Тот с сожалением покачал головой:
– В сундуке погибшего купца обнаружили карту, но я больше надеюсь, что в ближайшем вашем селении удастся найти проводника.
Ант Келагаст с сомнением покачал головой. Произнес долгую фразу.
– Он сказал, что во время войны поданным князя Божа под страхом смерти запрещено показывать чужакам любую дорогу, – перевел Люк-Василиус. – Все опасаются готских шпионов. Но это еще не все, командир. Оказывается, местным не разрешено также продавать незнакомцам хлеб и мясо. Даже купцам. Наверное, на всякий случай.
С каменным выражением лица выслушав эту новость, Германик, неожиданно даже для себя, просто попросил анта:
– Помоги!
Тот понял без перевода. Молча, повернулся к своим гребцам, свистнул, призывая к вниманию, что-то раздельно произнес.
С банки, что была чуть поодаль, поспешно встал воин, больше напоминающий прямоугольный римский щит-скутум старых времен. Только значительно шире. Громадный, совершенно квадратный «щит», заполняя все пространство между банками гребцов, придвинулся к своему командиру.

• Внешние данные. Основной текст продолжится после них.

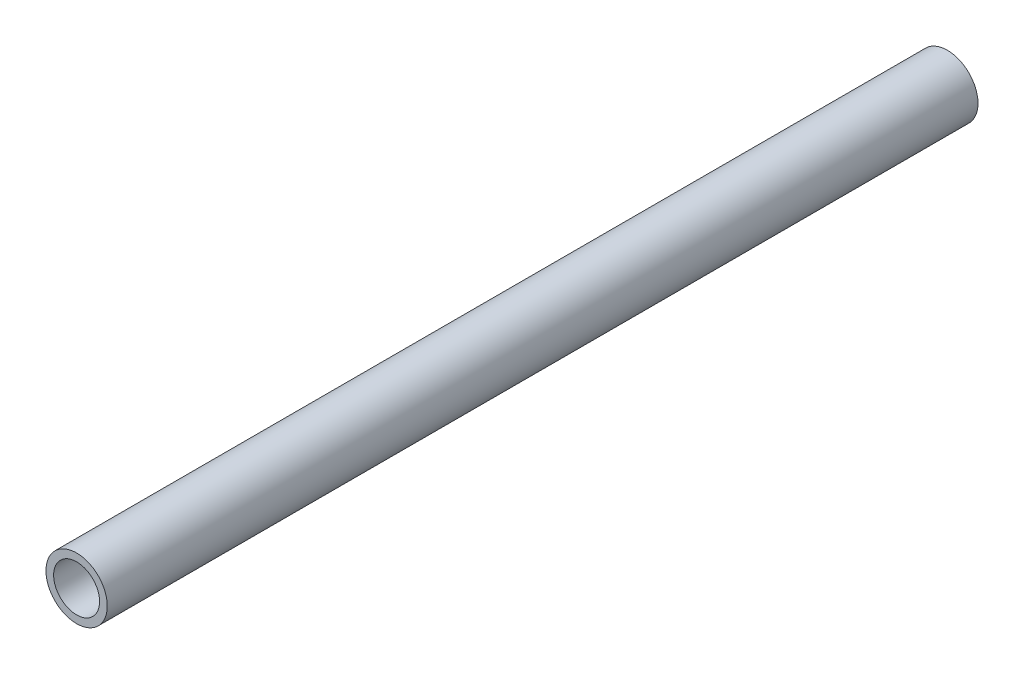
ISO-10303-21;
HEADER;
FILE_DESCRIPTION(('STEP AP214'),'2;1');
FILE_NAME('part.step','',(''),(''),'','','');
FILE_SCHEMA(('AUTOMOTIVE_DESIGN { 1 0 10303 214 1 1 1 1 }'));
ENDSEC;
DATA;
#1=APPLICATION_CONTEXT('core data for automotive mechanical design processes');
#2=APPLICATION_PROTOCOL_DEFINITION('international standard','automotive_design',2000,#1);
#3=PRODUCT_CONTEXT('',#1,'mechanical');
#4=PRODUCT('Part','Part','',(#3));
#5=PRODUCT_RELATED_PRODUCT_CATEGORY('part','',(#4));
#6=PRODUCT_DEFINITION_FORMATION('','',#4);
#7=PRODUCT_DEFINITION_CONTEXT('part definition',#1,'design');
#8=PRODUCT_DEFINITION('design','',#6,#7);
#9=PRODUCT_DEFINITION_SHAPE('','',#8);
#10=(LENGTH_UNIT() NAMED_UNIT(*) SI_UNIT(.MILLI.,.METRE.));
#11=(NAMED_UNIT(*) PLANE_ANGLE_UNIT() SI_UNIT($,.RADIAN.));
#12=(NAMED_UNIT(*) SI_UNIT($,.STERADIAN.) SOLID_ANGLE_UNIT());
#13=UNCERTAINTY_MEASURE_WITH_UNIT(LENGTH_MEASURE(1.E-05),#10,'distance_accuracy_value','');
#14=(GEOMETRIC_REPRESENTATION_CONTEXT(3) GLOBAL_UNCERTAINTY_ASSIGNED_CONTEXT((#13)) GLOBAL_UNIT_ASSIGNED_CONTEXT((#10,
#11,#12)) REPRESENTATION_CONTEXT('',''));
#15=CARTESIAN_POINT('',(0.,0.,0.));
#16=DIRECTION('',(0.,0.,1.));
#17=DIRECTION('',(1.,0.,0.));
#18=AXIS2_PLACEMENT_3D('',#15,#16,#17);
#19=CARTESIAN_POINT('',(0.,0.,180.366666666667));
#20=DIRECTION('',(0.,0.,1.));
#21=DIRECTION('',(1.,0.,0.));
#22=AXIS2_PLACEMENT_3D('',#19,#20,#21);
#23=PLANE('',#22);
#24=CARTESIAN_POINT('',(0.,0.,180.366666666667));
#25=DIRECTION('',(0.,0.,1.));
#26=DIRECTION('',(1.,0.,0.));
#27=AXIS2_PLACEMENT_3D('',#24,#25,#26);
#28=CIRCLE('',#27,6.35);
#29=CARTESIAN_POINT('',(6.35,0.,180.366666666667));
#30=VERTEX_POINT('',#29);
#31=EDGE_CURVE('E10',#30,#30,#28,.T.);
#32=ORIENTED_EDGE('',*,*,#31,.T.);
#33=EDGE_LOOP('',(#32));
#34=FACE_BOUND('',#33,.T.);
#35=CARTESIAN_POINT('',(0.,0.,180.366666666667));
#36=DIRECTION('',(0.,0.,1.));
#37=DIRECTION('',(1.,0.,0.));
#38=AXIS2_PLACEMENT_3D('',#35,#36,#37);
#39=CIRCLE('',#38,4.7625);
#40=CARTESIAN_POINT('',(4.7625,0.,180.366666666667));
#41=VERTEX_POINT('',#40);
#42=EDGE_CURVE('E43',#41,#41,#39,.T.);
#43=ORIENTED_EDGE('',*,*,#42,.F.);
#44=EDGE_LOOP('',(#43));
#45=FACE_BOUND('',#44,.T.);
#46=ADVANCED_FACE('F32',(#34,#45),#23,.T.);
#47=CARTESIAN_POINT('',(0.,0.,0.));
#48=DIRECTION('',(0.,0.,1.));
#49=DIRECTION('',(1.,0.,0.));
#50=AXIS2_PLACEMENT_3D('',#47,#48,#49);
#51=PLANE('',#50);
#52=CARTESIAN_POINT('',(0.,0.,0.));
#53=DIRECTION('',(0.,0.,1.));
#54=DIRECTION('',(1.,0.,0.));
#55=AXIS2_PLACEMENT_3D('',#52,#53,#54);
#56=CIRCLE('',#55,6.35);
#57=CARTESIAN_POINT('',(6.35,0.,0.));
#58=VERTEX_POINT('',#57);
#59=EDGE_CURVE('E36',#58,#58,#56,.T.);
#60=ORIENTED_EDGE('',*,*,#59,.F.);
#61=EDGE_LOOP('',(#60));
#62=FACE_BOUND('',#61,.T.);
#63=CARTESIAN_POINT('',(0.,0.,0.));
#64=DIRECTION('',(0.,0.,1.));
#65=DIRECTION('',(1.,0.,0.));
#66=AXIS2_PLACEMENT_3D('',#63,#64,#65);
#67=CIRCLE('',#66,4.7625);
#68=CARTESIAN_POINT('',(4.7625,0.,0.));
#69=VERTEX_POINT('',#68);
#70=EDGE_CURVE('E45',#69,#69,#67,.T.);
#71=ORIENTED_EDGE('',*,*,#70,.T.);
#72=EDGE_LOOP('',(#71));
#73=FACE_BOUND('',#72,.T.);
#74=ADVANCED_FACE('F55',(#62,#73),#51,.F.);
#75=CARTESIAN_POINT('',(0.,0.,180.366666666667));
#76=DIRECTION('',(0.,0.,-1.));
#77=DIRECTION('',(-1.,0.,0.));
#78=AXIS2_PLACEMENT_3D('',#75,#76,#77);
#79=CYLINDRICAL_SURFACE('',#78,6.35);
#80=ORIENTED_EDGE('',*,*,#31,.F.);
#81=EDGE_LOOP('',(#80));
#82=FACE_BOUND('',#81,.T.);
#83=ORIENTED_EDGE('',*,*,#59,.T.);
#84=EDGE_LOOP('',(#83));
#85=FACE_BOUND('',#84,.T.);
#86=ADVANCED_FACE('F34',(#82,#85),#79,.T.);
#87=CARTESIAN_POINT('',(0.,0.,180.366666666667));
#88=DIRECTION('',(0.,0.,-1.));
#89=DIRECTION('',(-1.,0.,0.));
#90=AXIS2_PLACEMENT_3D('',#87,#88,#89);
#91=CYLINDRICAL_SURFACE('',#90,4.7625);
#92=ORIENTED_EDGE('',*,*,#42,.T.);
#93=EDGE_LOOP('',(#92));
#94=FACE_BOUND('',#93,.T.);
#95=ORIENTED_EDGE('',*,*,#70,.F.);
#96=EDGE_LOOP('',(#95));
#97=FACE_BOUND('',#96,.T.);
#98=ADVANCED_FACE('F51',(#94,#97),#91,.F.);
#99=CLOSED_SHELL('',(#46,#74,#86,#98));
#100=MANIFOLD_SOLID_BREP('B2',#99);
#101=ADVANCED_BREP_SHAPE_REPRESENTATION('',(#18,#100),#14);
#102=SHAPE_DEFINITION_REPRESENTATION(#9,#101);
ENDSEC;
END-ISO-10303-21;

– Как мог, я тебя проверил, – обращаясь к трибуну, заявил Келагаст. – Если папирус, что ты носишь на груди под броней, действительно так важен для нашего великого князя Божа, то тебе надо встретиться с ним поскорее. Вот тебе проводник. Откликается на прозвище Маломуж, а имя тебе знать не надо, такие правила для чужеземцев. Он неграмотен, зато изучил верный путь лучше любого картографа. Покажет, куда плыть, только корми его почаще. Оставишь Маломужа в княжьем городище на Борисфене. Оттуда до Самбатаса два дня пути.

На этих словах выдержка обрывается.